Many small organizations' mail filters are so restrictive as to be useless for anything but internal mail and the few domains they decide to whitelist (which won't include commercial mailers either). It's the way they want it and until they switch to Google apps for their domain (or something else with sophisticated spam detection) that's the way it will stay. You're probably better off getting in touch with them through traditional mail or the telephone.
posted by Doctor Barnett at 10:50 AM on April 5, 2007


I would also be reluctant to do business with a for profit using the .org tld.
posted by HuronBob at 11:10 AM on April 5, 2007


A forprofit should not be using .org, period. Go with .net if you're really concerned, although I don't think any spam filter is going to be so inclusive as to block all .com's.
posted by radioamy at 11:28 AM on April 5, 2007


For what its worth, the Augusta National uses masters.org for the golf tournament going on this week.
posted by TedW at 11:34 AM on April 5, 2007


Have found through trial and error that if i send an email to a colleague at a university using my gmail account, if I include a link in the email it gets diverted into a junk mail filter. If i don't include a link, it goes through fine. If I use my own university email address to send from, then I can send a link without issue.

(this is a Canadian university).
posted by modernnomad at 11:58 AM on April 5, 2007


A for-profit using .org, to me, says "The .com and .net were taken, or we didn't know well enough to buy them", nothing more. That's still not a great message.

But any site sufficiently incompetent to block all .com mail will probably still block your .org mail based on some other attribute. Don't try to predict the specifics of incompetence. They'll always out-dumb you.
posted by mendel at 12:15 PM on April 5, 2007


I wouldn't count on this switch fixing anything. In my job, I have to have my boss send emails to our K-12 collaborators because my mail doesn't make it past their spam filters - and I have a .edu!
posted by solotoro at 12:23 PM on April 5, 2007


I'm confused by people who unilaterally say that for-profits shouldn't use .org. At this point, .org is no different from any other TLD -- it's a pool of available names, with precious little in the way of meaning other than "my preferred domain name was available as a .org". Any more meaning than that is inferred by the reader.
posted by delfuego at 4:41 PM on April 5, 2007


There was a time, in the relatively distant past, where a for-profit using .org, or a company unrelated to networking using .net (or using .net for something other than their networking infrastructure) would have caused me to raise an eyebrow, but those days have been gone for, I don't know, 7 to 10 years now.

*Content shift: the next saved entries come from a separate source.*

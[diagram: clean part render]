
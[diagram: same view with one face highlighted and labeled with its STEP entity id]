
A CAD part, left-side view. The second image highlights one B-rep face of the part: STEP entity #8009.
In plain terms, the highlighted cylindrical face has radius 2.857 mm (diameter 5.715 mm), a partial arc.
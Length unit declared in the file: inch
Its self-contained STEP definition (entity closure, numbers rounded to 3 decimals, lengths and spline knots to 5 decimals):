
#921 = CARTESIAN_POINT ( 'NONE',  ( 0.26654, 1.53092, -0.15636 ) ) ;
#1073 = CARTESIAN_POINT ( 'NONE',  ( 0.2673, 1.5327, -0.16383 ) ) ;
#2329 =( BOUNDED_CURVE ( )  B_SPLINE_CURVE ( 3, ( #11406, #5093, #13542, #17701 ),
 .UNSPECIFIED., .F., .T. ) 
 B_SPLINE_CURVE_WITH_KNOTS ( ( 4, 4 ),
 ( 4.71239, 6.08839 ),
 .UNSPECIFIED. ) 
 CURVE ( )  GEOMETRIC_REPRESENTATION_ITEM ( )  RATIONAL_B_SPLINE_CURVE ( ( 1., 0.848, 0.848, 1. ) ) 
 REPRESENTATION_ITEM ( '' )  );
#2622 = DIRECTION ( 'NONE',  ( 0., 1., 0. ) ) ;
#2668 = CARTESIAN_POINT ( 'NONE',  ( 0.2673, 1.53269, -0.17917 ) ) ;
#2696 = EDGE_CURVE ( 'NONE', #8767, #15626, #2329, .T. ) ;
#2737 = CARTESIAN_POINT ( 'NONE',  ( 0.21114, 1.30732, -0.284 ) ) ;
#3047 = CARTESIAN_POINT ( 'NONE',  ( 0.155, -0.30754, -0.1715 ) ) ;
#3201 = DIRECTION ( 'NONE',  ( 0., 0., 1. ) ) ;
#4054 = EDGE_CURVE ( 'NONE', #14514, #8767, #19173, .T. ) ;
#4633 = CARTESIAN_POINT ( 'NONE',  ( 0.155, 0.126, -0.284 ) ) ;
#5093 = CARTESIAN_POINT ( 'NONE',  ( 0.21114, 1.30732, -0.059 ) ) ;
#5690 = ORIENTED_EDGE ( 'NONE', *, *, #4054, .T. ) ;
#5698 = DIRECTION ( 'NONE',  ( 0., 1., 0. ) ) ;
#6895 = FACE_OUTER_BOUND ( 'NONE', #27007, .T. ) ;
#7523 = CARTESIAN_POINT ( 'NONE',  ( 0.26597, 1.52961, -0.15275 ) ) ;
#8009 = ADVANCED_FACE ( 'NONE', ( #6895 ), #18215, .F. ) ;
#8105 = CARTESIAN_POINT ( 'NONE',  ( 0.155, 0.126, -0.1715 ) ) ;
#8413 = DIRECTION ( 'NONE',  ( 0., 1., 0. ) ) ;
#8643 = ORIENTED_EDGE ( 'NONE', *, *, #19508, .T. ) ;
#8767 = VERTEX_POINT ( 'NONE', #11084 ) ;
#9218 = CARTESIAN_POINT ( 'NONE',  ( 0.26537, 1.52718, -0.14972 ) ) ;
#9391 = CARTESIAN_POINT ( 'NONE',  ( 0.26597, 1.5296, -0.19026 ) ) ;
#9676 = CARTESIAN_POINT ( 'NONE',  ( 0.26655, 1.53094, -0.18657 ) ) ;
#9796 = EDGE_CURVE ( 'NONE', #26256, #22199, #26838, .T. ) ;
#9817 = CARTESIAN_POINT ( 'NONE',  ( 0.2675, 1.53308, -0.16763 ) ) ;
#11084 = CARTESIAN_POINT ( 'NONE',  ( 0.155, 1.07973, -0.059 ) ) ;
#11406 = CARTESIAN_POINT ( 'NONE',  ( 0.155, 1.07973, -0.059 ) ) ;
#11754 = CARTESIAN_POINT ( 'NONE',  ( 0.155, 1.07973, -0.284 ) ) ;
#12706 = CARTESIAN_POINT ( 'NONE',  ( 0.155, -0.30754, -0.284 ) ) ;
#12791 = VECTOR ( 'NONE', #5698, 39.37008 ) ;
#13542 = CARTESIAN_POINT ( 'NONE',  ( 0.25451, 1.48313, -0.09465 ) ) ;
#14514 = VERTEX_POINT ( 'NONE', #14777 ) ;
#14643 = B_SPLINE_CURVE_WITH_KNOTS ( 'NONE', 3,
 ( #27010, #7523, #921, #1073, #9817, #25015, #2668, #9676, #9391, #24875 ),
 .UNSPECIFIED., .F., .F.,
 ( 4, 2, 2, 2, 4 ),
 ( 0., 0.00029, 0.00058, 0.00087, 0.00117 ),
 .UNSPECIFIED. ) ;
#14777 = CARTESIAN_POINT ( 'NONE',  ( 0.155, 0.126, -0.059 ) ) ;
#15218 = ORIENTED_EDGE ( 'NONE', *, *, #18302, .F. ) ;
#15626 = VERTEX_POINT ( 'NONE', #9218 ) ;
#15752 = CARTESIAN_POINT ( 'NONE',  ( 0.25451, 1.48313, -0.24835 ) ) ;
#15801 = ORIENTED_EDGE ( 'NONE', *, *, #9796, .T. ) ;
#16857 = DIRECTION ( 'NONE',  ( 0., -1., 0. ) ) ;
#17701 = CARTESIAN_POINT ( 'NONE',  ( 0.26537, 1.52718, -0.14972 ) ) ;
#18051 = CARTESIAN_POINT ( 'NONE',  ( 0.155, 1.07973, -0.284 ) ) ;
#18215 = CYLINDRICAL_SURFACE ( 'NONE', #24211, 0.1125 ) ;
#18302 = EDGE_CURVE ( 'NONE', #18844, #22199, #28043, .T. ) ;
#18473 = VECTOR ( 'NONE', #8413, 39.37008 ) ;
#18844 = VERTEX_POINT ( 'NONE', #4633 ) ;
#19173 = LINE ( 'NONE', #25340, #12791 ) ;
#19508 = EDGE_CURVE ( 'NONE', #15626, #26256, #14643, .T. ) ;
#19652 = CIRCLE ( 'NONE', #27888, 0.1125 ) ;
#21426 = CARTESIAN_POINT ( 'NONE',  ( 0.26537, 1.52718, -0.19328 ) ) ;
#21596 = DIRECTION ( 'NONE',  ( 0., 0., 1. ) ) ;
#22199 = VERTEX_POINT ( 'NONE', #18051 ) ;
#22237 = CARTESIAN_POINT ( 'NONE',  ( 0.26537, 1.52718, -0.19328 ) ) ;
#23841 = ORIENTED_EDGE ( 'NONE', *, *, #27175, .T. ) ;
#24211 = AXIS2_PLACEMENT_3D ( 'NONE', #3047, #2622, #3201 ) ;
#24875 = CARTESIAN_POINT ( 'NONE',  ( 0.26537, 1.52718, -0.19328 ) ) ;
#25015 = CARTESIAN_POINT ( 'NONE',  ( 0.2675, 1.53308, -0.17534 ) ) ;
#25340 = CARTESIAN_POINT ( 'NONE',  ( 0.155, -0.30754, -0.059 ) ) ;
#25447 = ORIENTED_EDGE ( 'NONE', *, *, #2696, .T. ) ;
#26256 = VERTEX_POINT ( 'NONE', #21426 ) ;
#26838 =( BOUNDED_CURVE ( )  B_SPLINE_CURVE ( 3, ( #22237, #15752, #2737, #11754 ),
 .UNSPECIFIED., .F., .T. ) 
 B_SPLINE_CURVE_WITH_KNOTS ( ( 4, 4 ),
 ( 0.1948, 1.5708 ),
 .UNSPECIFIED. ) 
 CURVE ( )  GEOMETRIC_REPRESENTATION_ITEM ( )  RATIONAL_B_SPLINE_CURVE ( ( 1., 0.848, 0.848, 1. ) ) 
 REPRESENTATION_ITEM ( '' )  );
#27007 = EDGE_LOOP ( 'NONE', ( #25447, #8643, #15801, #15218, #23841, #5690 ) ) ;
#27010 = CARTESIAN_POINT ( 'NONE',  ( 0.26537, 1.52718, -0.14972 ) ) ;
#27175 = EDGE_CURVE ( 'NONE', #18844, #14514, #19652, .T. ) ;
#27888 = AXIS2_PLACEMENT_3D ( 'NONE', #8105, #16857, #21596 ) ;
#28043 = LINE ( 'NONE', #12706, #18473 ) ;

Of course, these days even .edu isn't sacrosanct. I know quite a few people with completely bogus .edu domains. The closest to education they get is binge drinking like wild frat boy.
posted by wierdo at 5:19 PM on April 5, 2007


The anorexic succubus, Ann Coulter, was at anncoulter.org for a long time. If you want to use .org for your company, go for it--there's no way your company is as evil and selfish as that gasbag.
posted by HotPatatta at 9:01 PM on April 5, 2007


Well call me a luddite, but I still think that .org is appropriate for individuals and non-profits, but not for commercial ventures. Using .org for a commercial venture signals to me that the vendor is some combination of clueless, dishonest, and not creative enough to think of another domain name.